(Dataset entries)
━━━━

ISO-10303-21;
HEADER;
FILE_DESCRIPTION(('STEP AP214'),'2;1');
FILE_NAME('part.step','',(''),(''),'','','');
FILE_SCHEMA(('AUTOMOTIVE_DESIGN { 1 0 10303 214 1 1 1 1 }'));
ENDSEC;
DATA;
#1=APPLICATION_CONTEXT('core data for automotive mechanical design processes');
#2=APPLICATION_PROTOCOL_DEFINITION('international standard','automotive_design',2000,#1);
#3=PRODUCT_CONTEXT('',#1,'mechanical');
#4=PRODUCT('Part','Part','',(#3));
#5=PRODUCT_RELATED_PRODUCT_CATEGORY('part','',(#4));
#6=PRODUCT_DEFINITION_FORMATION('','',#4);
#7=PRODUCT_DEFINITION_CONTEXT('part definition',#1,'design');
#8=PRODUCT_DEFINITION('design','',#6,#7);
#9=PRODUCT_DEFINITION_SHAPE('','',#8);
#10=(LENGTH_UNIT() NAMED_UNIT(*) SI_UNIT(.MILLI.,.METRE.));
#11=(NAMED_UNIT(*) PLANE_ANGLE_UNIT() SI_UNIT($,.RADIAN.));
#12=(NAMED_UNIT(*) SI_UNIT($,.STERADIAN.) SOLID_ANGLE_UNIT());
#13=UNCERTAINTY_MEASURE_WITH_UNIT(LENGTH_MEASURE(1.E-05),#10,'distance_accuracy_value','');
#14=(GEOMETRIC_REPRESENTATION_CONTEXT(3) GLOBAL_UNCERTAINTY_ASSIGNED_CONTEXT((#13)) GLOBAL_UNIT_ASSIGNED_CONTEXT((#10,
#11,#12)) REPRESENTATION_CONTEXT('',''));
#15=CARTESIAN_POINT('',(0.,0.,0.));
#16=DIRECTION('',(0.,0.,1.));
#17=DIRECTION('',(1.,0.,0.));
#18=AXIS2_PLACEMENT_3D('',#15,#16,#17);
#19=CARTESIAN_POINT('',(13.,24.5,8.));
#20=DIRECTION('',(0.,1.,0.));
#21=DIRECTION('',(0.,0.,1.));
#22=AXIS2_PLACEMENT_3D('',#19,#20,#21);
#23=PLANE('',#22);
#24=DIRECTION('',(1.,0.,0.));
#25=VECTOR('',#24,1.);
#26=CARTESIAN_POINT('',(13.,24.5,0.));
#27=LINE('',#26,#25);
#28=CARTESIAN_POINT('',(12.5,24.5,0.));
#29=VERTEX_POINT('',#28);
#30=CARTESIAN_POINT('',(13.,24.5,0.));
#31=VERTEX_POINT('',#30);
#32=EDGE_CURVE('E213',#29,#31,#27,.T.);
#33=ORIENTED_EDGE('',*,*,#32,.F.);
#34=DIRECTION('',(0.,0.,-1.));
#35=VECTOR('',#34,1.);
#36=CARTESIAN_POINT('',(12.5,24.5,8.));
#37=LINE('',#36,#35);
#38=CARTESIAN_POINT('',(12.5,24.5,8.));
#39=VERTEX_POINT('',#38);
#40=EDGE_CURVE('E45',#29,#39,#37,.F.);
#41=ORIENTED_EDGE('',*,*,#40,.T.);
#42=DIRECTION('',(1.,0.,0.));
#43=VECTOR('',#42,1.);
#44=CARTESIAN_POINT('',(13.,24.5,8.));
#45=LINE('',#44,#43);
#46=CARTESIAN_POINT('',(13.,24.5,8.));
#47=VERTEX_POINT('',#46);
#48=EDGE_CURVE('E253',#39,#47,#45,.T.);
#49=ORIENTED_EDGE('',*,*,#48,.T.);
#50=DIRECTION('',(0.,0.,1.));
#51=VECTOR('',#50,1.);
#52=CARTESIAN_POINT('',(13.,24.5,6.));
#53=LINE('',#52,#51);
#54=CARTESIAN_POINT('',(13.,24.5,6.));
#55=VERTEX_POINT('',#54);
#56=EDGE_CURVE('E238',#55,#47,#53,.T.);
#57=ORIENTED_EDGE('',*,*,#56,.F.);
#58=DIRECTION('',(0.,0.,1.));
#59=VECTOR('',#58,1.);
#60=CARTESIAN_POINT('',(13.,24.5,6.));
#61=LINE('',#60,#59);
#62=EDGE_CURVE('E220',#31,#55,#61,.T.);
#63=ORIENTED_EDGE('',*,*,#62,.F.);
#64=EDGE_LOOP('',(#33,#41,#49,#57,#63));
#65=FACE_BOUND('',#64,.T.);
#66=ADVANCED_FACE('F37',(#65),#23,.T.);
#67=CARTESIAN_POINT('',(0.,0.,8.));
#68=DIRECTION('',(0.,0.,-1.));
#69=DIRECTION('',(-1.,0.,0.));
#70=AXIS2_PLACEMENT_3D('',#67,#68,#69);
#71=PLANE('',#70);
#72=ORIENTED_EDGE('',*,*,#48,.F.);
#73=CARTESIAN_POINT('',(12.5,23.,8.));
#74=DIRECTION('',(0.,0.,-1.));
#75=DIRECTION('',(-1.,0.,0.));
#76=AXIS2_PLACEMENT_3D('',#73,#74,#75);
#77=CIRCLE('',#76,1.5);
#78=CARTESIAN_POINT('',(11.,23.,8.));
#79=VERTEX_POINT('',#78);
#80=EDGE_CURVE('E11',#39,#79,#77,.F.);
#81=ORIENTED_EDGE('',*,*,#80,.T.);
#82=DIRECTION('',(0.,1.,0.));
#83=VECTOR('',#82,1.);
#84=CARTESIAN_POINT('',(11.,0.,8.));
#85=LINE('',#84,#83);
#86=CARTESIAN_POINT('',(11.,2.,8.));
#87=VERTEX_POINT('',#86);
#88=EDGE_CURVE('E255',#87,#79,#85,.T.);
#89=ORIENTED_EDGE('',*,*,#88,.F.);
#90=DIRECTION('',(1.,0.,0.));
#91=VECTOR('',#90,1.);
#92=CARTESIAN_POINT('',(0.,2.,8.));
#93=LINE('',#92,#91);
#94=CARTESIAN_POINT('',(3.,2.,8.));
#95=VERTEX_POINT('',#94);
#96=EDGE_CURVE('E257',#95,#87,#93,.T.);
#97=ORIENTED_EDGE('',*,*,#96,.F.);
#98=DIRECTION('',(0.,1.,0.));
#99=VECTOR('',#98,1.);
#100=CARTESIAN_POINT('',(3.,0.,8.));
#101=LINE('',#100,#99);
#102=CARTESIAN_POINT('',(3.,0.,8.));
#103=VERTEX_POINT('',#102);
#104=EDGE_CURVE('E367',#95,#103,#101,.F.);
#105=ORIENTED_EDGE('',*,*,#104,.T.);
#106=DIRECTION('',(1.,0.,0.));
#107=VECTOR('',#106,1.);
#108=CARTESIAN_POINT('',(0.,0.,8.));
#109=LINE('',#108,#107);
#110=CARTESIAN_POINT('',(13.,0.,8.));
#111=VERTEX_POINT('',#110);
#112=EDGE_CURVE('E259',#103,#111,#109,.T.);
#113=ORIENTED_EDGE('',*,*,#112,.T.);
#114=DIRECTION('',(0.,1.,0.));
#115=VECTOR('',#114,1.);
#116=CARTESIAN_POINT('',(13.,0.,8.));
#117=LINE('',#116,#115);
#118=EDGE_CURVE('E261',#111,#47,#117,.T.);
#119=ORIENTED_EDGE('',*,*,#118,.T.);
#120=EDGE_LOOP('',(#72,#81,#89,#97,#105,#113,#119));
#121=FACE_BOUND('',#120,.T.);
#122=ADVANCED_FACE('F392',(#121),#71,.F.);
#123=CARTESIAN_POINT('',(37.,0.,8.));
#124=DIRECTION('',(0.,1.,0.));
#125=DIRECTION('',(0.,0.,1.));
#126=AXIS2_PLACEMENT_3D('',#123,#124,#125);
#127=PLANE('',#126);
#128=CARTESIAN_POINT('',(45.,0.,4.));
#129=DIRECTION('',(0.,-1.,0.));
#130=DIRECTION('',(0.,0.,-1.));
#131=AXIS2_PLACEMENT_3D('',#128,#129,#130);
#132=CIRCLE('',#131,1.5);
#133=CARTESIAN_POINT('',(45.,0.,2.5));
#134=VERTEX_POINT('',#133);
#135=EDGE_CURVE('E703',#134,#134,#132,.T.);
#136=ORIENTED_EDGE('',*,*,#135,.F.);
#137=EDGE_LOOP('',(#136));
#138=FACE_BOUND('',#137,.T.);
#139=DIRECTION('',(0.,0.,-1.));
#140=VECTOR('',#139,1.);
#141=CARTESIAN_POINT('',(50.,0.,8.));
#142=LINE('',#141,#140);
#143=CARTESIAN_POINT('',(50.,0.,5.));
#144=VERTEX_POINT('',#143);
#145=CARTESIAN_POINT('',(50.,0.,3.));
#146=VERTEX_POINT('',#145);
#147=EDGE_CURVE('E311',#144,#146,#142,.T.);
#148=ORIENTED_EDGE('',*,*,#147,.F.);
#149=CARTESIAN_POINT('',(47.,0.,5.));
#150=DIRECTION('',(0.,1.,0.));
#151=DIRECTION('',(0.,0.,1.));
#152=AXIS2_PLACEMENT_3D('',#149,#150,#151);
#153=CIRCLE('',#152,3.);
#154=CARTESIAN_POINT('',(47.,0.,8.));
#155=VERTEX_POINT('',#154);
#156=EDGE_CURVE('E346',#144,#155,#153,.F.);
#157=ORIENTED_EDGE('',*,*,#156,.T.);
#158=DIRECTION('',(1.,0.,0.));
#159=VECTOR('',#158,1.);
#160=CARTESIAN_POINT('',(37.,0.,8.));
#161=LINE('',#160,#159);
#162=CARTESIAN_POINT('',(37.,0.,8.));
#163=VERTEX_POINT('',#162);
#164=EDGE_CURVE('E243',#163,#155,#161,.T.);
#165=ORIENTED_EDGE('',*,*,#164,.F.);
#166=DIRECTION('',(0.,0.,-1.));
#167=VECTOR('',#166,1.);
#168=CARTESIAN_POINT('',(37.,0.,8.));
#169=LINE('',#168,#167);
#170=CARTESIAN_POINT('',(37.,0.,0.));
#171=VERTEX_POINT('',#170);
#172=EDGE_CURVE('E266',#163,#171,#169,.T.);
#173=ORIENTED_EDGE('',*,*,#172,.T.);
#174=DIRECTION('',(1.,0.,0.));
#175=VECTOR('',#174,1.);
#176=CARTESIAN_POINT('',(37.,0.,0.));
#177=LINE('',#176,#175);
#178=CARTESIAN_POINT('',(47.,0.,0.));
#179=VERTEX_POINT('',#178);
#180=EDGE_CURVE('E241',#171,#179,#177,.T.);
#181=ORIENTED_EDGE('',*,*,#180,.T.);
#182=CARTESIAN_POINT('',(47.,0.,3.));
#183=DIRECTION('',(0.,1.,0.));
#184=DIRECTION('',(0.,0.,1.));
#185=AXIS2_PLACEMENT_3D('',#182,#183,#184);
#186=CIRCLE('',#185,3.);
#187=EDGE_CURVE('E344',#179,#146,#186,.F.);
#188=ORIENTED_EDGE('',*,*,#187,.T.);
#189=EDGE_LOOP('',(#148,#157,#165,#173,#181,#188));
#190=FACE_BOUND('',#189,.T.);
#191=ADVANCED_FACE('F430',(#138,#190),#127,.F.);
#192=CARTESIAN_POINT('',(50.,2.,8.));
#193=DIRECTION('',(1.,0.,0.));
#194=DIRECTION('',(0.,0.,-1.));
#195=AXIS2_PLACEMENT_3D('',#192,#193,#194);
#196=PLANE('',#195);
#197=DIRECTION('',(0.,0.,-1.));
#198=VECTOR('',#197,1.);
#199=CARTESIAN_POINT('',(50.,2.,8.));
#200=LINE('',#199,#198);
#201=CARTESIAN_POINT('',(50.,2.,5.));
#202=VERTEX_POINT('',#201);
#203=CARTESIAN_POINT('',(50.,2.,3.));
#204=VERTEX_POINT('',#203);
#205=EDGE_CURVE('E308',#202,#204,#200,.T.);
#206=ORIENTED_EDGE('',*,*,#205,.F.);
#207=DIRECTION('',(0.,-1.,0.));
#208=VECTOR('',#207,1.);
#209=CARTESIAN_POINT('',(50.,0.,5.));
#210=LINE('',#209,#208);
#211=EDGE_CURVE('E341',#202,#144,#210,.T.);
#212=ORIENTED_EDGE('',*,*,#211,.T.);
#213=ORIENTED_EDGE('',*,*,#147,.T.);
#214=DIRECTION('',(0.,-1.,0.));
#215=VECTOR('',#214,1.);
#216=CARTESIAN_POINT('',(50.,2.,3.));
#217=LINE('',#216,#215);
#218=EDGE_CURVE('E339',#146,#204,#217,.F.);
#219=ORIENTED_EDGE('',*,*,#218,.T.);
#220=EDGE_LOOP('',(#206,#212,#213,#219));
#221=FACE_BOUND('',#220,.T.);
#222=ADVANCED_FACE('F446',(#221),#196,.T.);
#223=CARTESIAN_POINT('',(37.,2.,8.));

━━━━

_To do_:
Return, exactly as they stand, the lines from the start of the records above through the line with "#1=APPLICATION_CONTEXT('core data for", both ends included, and no other lines.

_Your solution_:
ISO-10303-21;
HEADER;
FILE_DESCRIPTION(('STEP AP214'),'2;1');
FILE_NAME('part.step','',(''),(''),'','','');
FILE_SCHEMA(('AUTOMOTIVE_DESIGN { 1 0 10303 214 1 1 1 1 }'));
ENDSEC;
DATA;
#1=APPLICATION_CONTEXT('core data for automotive mechanical design processes');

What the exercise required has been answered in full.